As healthy as these and other dried fruits are, like cranberries and raisins, be careful not to overdo it on the waistline. One tablespoon of dried berries is the same as eating a bunch of grapes, so practice portion control when snacking on these health food superstars.

 

  1. Chia Seeds

Traditionally found in Mexico and Guatemala, chia seeds are the tiny, edible seeds of the Salvia Hispanic, a flowering plant in the mint family. The flavanols and phenolic compounds like caffeic acid, myricetin, quercetin, and kaempferol are just some of the nutrients in chia seeds that may contribute to protecting the heart and liver, and are also involved in cancer prevention and anti-ageing.

 

Did you know that chia can absorb up to 12 times its own weight in water? This handy feature means that when chia comes are left in water, it forms a gelish-like mush. This is what makes these seeds helpful to work its way through the gut to help soften stools and make them easier to pass, in addition to its high fibre content. Sprinkle chia seeds onto cereal, oats or yoghurt or blend into smoothies.

 

  1. Nut Butters

The humble, traditional peanut butter has received a makeover. Macadamia, almond and cashew nut butters are now all the rage in health circles, and for very good reason. Nut butters provide an excellent source of heart-healthy, cholesterol-lowering fats.
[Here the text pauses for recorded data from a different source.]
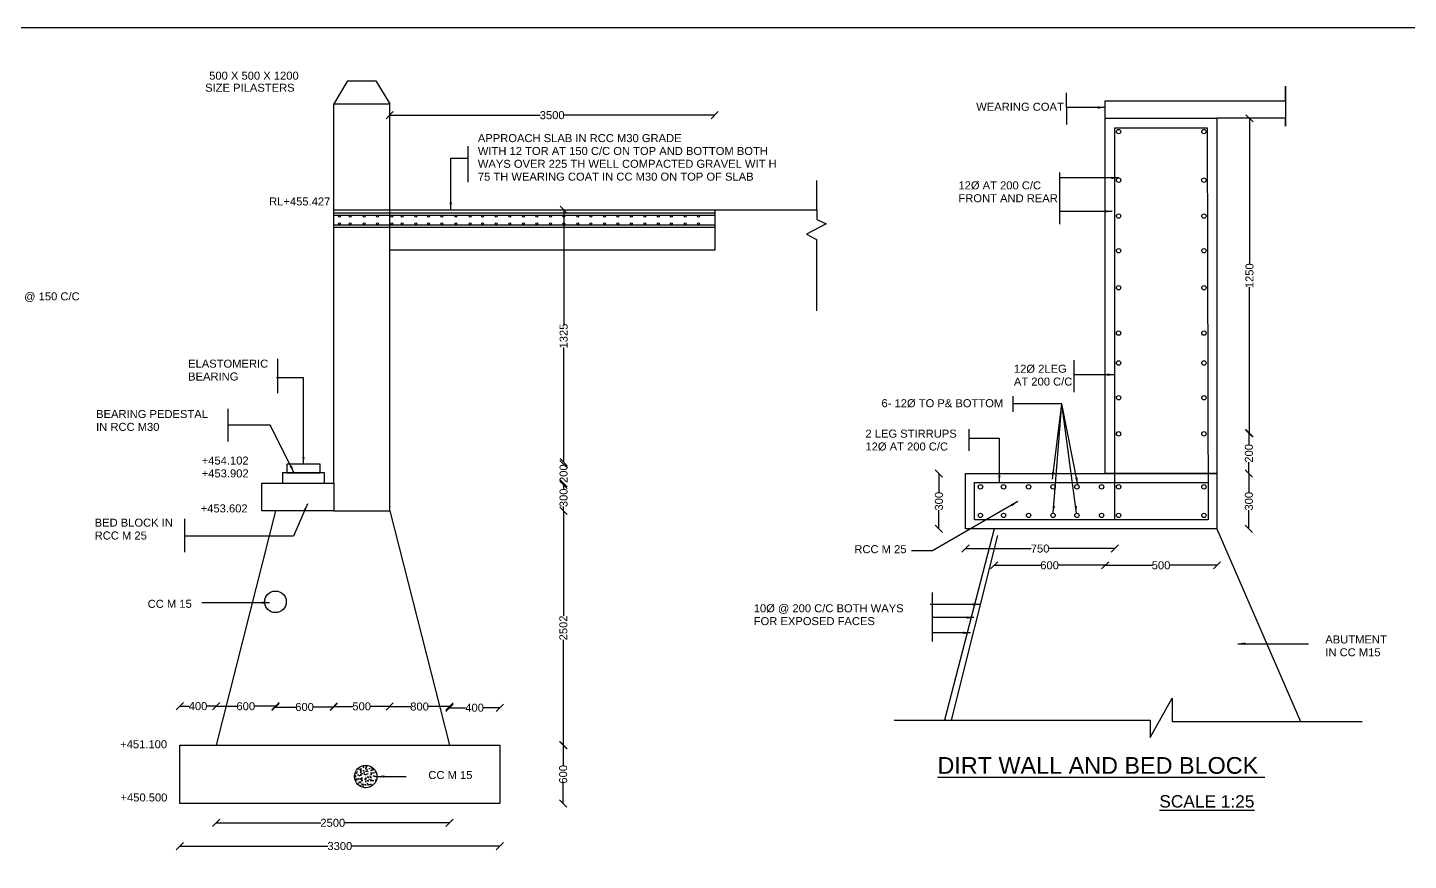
# Model space of a CAD drawing. Header units: millimetres. Extents: x -53245626 to -53218428, y 22137846 to 22155832.
# Drawn here: x -53233479 to -53223989, y 22150105 to 22155832 of the extents above; entities that cross this region are included whole.
import ezdxf

# ---------------------------------------------------------------- set-up
doc = ezdxf.new("R2010")
doc.units = ezdxf.units.MM
doc.header["$MEASUREMENT"] = 0
for name, color, linetype in [('DIMENSIONS', 7, 'Continuous'), ('DRAWING', 2, 'Continuous'), ('TEXT', 1, 'Continuous')]:
    doc.layers.add(name, color=color, linetype=linetype)
doc.styles.get("Standard").update_dxf_attribs({"font": 'arial.ttf', "height": 55})
doc.dimstyles.get("Standard").update_dxf_attribs({"dimtxt": 55, "dimasz": 50, "dimexe": 0.18, "dimexo": 0.0625, "dimgap": 0.09, "dimtad": 0, "dimdec": 0, "dimzin": 0, "dimdsep": 46, "dimtxsty": 'Standard', "dimblk": 'OBLIQUE', "dimcen": 0.09, "dimse1": 1, "dimse2": 1, "dimadec": 0, "dimazin": 0, "dimtfac": 1, "dimtdec": 0, "dimtofl": 0, "dimtmove": 0, "dimatfit": 3, "dimfxl": 1, "dimtolj": 1, "dimtzin": 0, "dimarcsym": 0})

# ---------------------------------------------------------------- blocks, each defined once
blk = doc.blocks.new('_Oblique')
at = {"color": 0, "linetype": 'ByBlock', "lineweight": -2}
blk.add_line((-0.5, -0.5), (0.5, 0.5), dxfattribs=at)
blk = doc.blocks.new('*D126')
at = {"layer": 'Defpoints', "color": 0, "transparency": 16777216}
for p in [(-53228756.7, 22155230), (-53230990.5, 22154579.7), (-53228756.7, 22154579.7)]:
    blk.add_point(p, dxfattribs=at)
at = {"layer": 'DIMENSIONS', "color": 0, "lineweight": -2, "transparency": 16777216}
for p, q in [((-53230990.5, 22155230), (-53229955.7, 22155230)), ((-53228756.7, 22155230), (-53229791.5, 22155230))]:
    blk.add_line(p, q, dxfattribs=at)
at = {"layer": 'DIMENSIONS', "color": 0, "lineweight": -2, "transparency": 16777216, "xscale": 50, "yscale": 50, "zscale": 50, "rotation": 180}
blk.add_blockref('_Oblique', (-53230990.5, 22155230), dxfattribs=at)
at = {"layer": 'DIMENSIONS', "color": 0, "lineweight": -2, "transparency": 16777216, "xscale": 50, "yscale": 50, "zscale": 50}
blk.add_blockref('_Oblique', (-53228756.7, 22155230), dxfattribs=at)
at = {"layer": 'DIMENSIONS', "color": 0, "transparency": 16777216, "insert": (-53229873.6, 22155230), "char_height": 55, "attachment_point": 5}
blk.add_mtext('\\A1;3500', dxfattribs=at)
blk = doc.blocks.new('*D127')
at = {"layer": 'Defpoints', "color": 0, "transparency": 16777216}
for p in [(-53229794, 22154579.7), (-53229794.5, 22152843), (-53229794, 22152843)]:
    blk.add_point(p, dxfattribs=at)
at = {"layer": 'DIMENSIONS', "color": 0, "lineweight": -2, "transparency": 16777216}
for p, q in [((-53229794.5, 22154579.7), (-53229794.5, 22153791.2)), ((-53229794.5, 22152843), (-53229794.5, 22153631.5))]:
    blk.add_line(p, q, dxfattribs=at)
at = {"layer": 'DIMENSIONS', "color": 0, "lineweight": -2, "transparency": 16777216, "xscale": 50, "yscale": 50, "zscale": 50}
for p, rotation in [((-53229794.5, 22154579.7), 90), ((-53229794.5, 22152843), 270)]:
    blk.add_blockref('_Oblique', p, dxfattribs=dict(at, rotation=rotation))
at = {"layer": 'DIMENSIONS', "color": 0, "transparency": 16777216, "insert": (-53229794.5, 22153711.3), "char_height": 55, "attachment_point": 5, "rotation": 90}
blk.add_mtext('\\A1;1325', dxfattribs=at)
blk = doc.blocks.new('*D128')
at = {"layer": 'Defpoints', "color": 0, "transparency": 16777216}
for p in [(-53231468.7, 22152830.2), (-53231468.7, 22152699.6), (-53229795, 22152699.6)]:
    blk.add_point(p, dxfattribs=at)
at = {"layer": 'DIMENSIONS', "color": 0, "lineweight": -2, "transparency": 16777216}
for p, q in [((-53229795, 22152830.2), (-53229795, 22152826.1)), ((-53229795, 22152699.6), (-53229795, 22152703.7))]:
    blk.add_line(p, q, dxfattribs=at)
at = {"layer": 'DIMENSIONS', "color": 0, "lineweight": -2, "transparency": 16777216, "xscale": 50, "yscale": 50, "zscale": 50}
for p, rotation in [((-53229795, 22152830.2), 90), ((-53229795, 22152699.6), 270)]:
    blk.add_blockref('_Oblique', p, dxfattribs=dict(at, rotation=rotation))
at = {"layer": 'DIMENSIONS', "color": 0, "transparency": 16777216, "insert": (-53229795, 22152764.9), "char_height": 55, "attachment_point": 5, "rotation": 90}
blk.add_mtext('\\A1;200', dxfattribs=at)
blk = doc.blocks.new('*D129')
at = {"layer": 'Defpoints', "color": 0, "transparency": 16777216}
for p in [(-53231439.4, 22152688.5), (-53231439.4, 22152509), (-53229795, 22152509)]:
    blk.add_point(p, dxfattribs=at)
at = {"layer": 'DIMENSIONS', "color": 0, "lineweight": -2, "transparency": 16777216}
for p, q in [((-53229795, 22152688.5), (-53229795, 22152659.5)), ((-53229795, 22152509), (-53229795, 22152538))]:
    blk.add_line(p, q, dxfattribs=at)
at = {"layer": 'DIMENSIONS', "color": 0, "lineweight": -2, "transparency": 16777216, "xscale": 50, "yscale": 50, "zscale": 50}
for p, rotation in [((-53229795, 22152688.5), 90), ((-53229795, 22152509), 270)]:
    blk.add_blockref('_Oblique', p, dxfattribs=dict(at, rotation=rotation))
at = {"layer": 'DIMENSIONS', "color": 0, "transparency": 16777216, "insert": (-53229795, 22152598.7), "char_height": 55, "attachment_point": 5, "rotation": 90}
blk.add_mtext('\\A1;300', dxfattribs=at)
blk = doc.blocks.new('*D130')
at = {"layer": 'Defpoints', "color": 0, "transparency": 16777216}
for p in [(-53230990.5, 22152509), (-53230990.5, 22150898.6), (-53229796.5, 22150898.6)]:
    blk.add_point(p, dxfattribs=at)
at = {"layer": 'DIMENSIONS', "color": 0, "lineweight": -2, "transparency": 16777216}
for p, q in [((-53229796.5, 22152509), (-53229796.5, 22151786.2)), ((-53229796.5, 22150898.6), (-53229796.5, 22151621.4))]:
    blk.add_line(p, q, dxfattribs=at)
at = {"layer": 'DIMENSIONS', "color": 0, "lineweight": -2, "transparency": 16777216, "xscale": 50, "yscale": 50, "zscale": 50}
for p, rotation in [((-53229796.5, 22152509), 90), ((-53229796.5, 22150898.6), 270)]:
    blk.add_blockref('_Oblique', p, dxfattribs=dict(at, rotation=rotation))
at = {"layer": 'DIMENSIONS', "color": 0, "transparency": 16777216, "insert": (-53229796.5, 22151703.8), "char_height": 55, "attachment_point": 5, "rotation": 90}
blk.add_mtext('\\A1;2502', dxfattribs=at)
blk = doc.blocks.new('*D131')
at = {"layer": 'Defpoints', "color": 0, "transparency": 16777216}
for p in [(-53230233.7, 22150898.6), (-53230233.7, 22150495.8), (-53229798, 22150495.8)]:
    blk.add_point(p, dxfattribs=at)
at = {"layer": 'DIMENSIONS', "color": 0, "lineweight": -2, "transparency": 16777216}
for p, q in [((-53229798, 22150898.6), (-53229798, 22150758.1)), ((-53229798, 22150495.8), (-53229798, 22150636.3))]:
    blk.add_line(p, q, dxfattribs=at)
at = {"layer": 'DIMENSIONS', "color": 0, "lineweight": -2, "transparency": 16777216, "xscale": 50, "yscale": 50, "zscale": 50}
for p, rotation in [((-53229798, 22150898.6), 90), ((-53229798, 22150495.8), 270)]:
    blk.add_blockref('_Oblique', p, dxfattribs=dict(at, rotation=rotation))
at = {"layer": 'DIMENSIONS', "color": 0, "transparency": 16777216, "insert": (-53229798, 22150697.2), "char_height": 55, "attachment_point": 5, "rotation": 90}
blk.add_mtext('\\A1;600', dxfattribs=at)
blk = doc.blocks.new('*D132')
at = {"layer": 'Defpoints', "color": 0, "transparency": 16777216}
for p in [(-53232183.3, 22150898.6), (-53230579.7, 22150898.6), (-53230579.7, 22150363.5)]:
    blk.add_point(p, dxfattribs=at)
at = {"layer": 'DIMENSIONS', "color": 0, "lineweight": -2, "transparency": 16777216}
for p, q in [((-53232183.3, 22150363.5), (-53231464.1, 22150363.5)), ((-53230579.7, 22150363.5), (-53231298.9, 22150363.5))]:
    blk.add_line(p, q, dxfattribs=at)
at = {"layer": 'DIMENSIONS', "color": 0, "lineweight": -2, "transparency": 16777216, "xscale": 50, "yscale": 50, "zscale": 50, "rotation": 180}
blk.add_blockref('_Oblique', (-53232183.3, 22150363.5), dxfattribs=at)
at = {"layer": 'DIMENSIONS', "color": 0, "lineweight": -2, "transparency": 16777216, "xscale": 50, "yscale": 50, "zscale": 50}
blk.add_blockref('_Oblique', (-53230579.7, 22150363.5), dxfattribs=at)
at = {"layer": 'DIMENSIONS', "color": 0, "transparency": 16777216, "insert": (-53231381.5, 22150363.5), "char_height": 55, "attachment_point": 5}
blk.add_mtext('\\A1;2500', dxfattribs=at)
blk = doc.blocks.new('*D133')
at = {"layer": 'Defpoints', "color": 0, "transparency": 16777216}
for p in [(-53232432.2, 22150495.8), (-53230233.7, 22150495.8), (-53230233.7, 22150203.5)]:
    blk.add_point(p, dxfattribs=at)
at = {"layer": 'DIMENSIONS', "color": 0, "lineweight": -2, "transparency": 16777216}
for p, q in [((-53232432.2, 22150203.5), (-53231415.1, 22150203.5)), ((-53230233.7, 22150203.5), (-53231250.9, 22150203.5))]:
    blk.add_line(p, q, dxfattribs=at)
at = {"layer": 'DIMENSIONS', "color": 0, "lineweight": -2, "transparency": 16777216, "xscale": 50, "yscale": 50, "zscale": 50, "rotation": 180}
blk.add_blockref('_Oblique', (-53232432.2, 22150203.5), dxfattribs=at)
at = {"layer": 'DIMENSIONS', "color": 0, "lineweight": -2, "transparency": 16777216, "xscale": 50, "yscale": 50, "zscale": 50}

Nut butters are a flavourful and tasty way to boost the nutritional value in your day, whether spread on wholewheat bread, stirred into hot oats, or blended into smoothies. With no added salt, sugar or preservatives, Oh Mega Nut Butters are an essential pantry staple.

 

  1. Beetroot Juice

The deep and richly coloured beetroot juice is a popular vegetable juice, especially among keen athletes. Beetroot is rich in nitrates, a compound that helps produce nitric oxide. Nitric oxide dilates blood vessels to increase blood flow, may improve lunch function and regulates the contraction of muscle. This combination makes it a very important food in the diet of those who are active. Ready-to-drink beetroot juice is available from Rugani at Food Lover’s Market.

 

Recipe

 

Apple & Cinnamon Date Balls

 

Ingredients

1 ½ cups pitted dates

50 g raw almonds

1 cup dried apple rings

1 tbs. chia seeds

1 tbs. coconut oil

1 tbs. cinnamon

¼ cup desiccated coconut

 

Method

  1. Blend all ingredients except the desiccated coconut into a food processor until well combined.
  2. Scoop 1 Tbsp. of mixture into your hands and roll into a compact, gold-sized ball.
  3. Roll the ball in the desiccated coconut and set aside.
  4. Repeat until all mixture is used and about 14 – 16 balls are made.
  5. Leave to set in the fridge for 1 hour before serving.

 

Nutritional Analysis Per Date Ball

Energy Carbohydrate Protein Fat Fibre
340 kJ 9.2 g 1.2 g 4.0 g 1.5 g

 

 

References

 

  1. Ali NM et al. The promising future of chia: Salvia Hispanica L. Journal of Biomedicine and Biotechnology. 2012. Doi: https://europepmc.org/articles/pmc3518271.
  2. Domínguez et al. 2018. Effects of beetroot juice supplementation on intermittent high-intensity exercise efforts. Journal of the International Society of Sports Nutrition, 15:2.
  3. Kulczyński, B.;  Gramza-Michałowska, A. Goji berry (Lycium barbarum): composition and health effects – a review. J. Food Nutr. Sci., 2016, Vol. 66, No. 2, pp. 67–75 DOI: 10.1515/pjfns-2015-0040.
  4. Ormsbee, M.J., Lox, J. and Arciero, P.J. 2013. Beetroot juice and exercise performance. Nutrition and Dietary Supplements, (5): 27–35.
  5. Ullah MR et al. Nutritional and therapeutic perspectives of Chia (Salvia hispanica): a review. J Food Sci Technol (2016) 53: 1750. https://doi.org/10.1007/s13197-015-1967-0.
  6. Zafeiridis, A. 2014. The effects of dietary nitrate (beetroot juice) supplementation on exercise performance: A review. American Journal of Sports Science, 2(4): 97-110.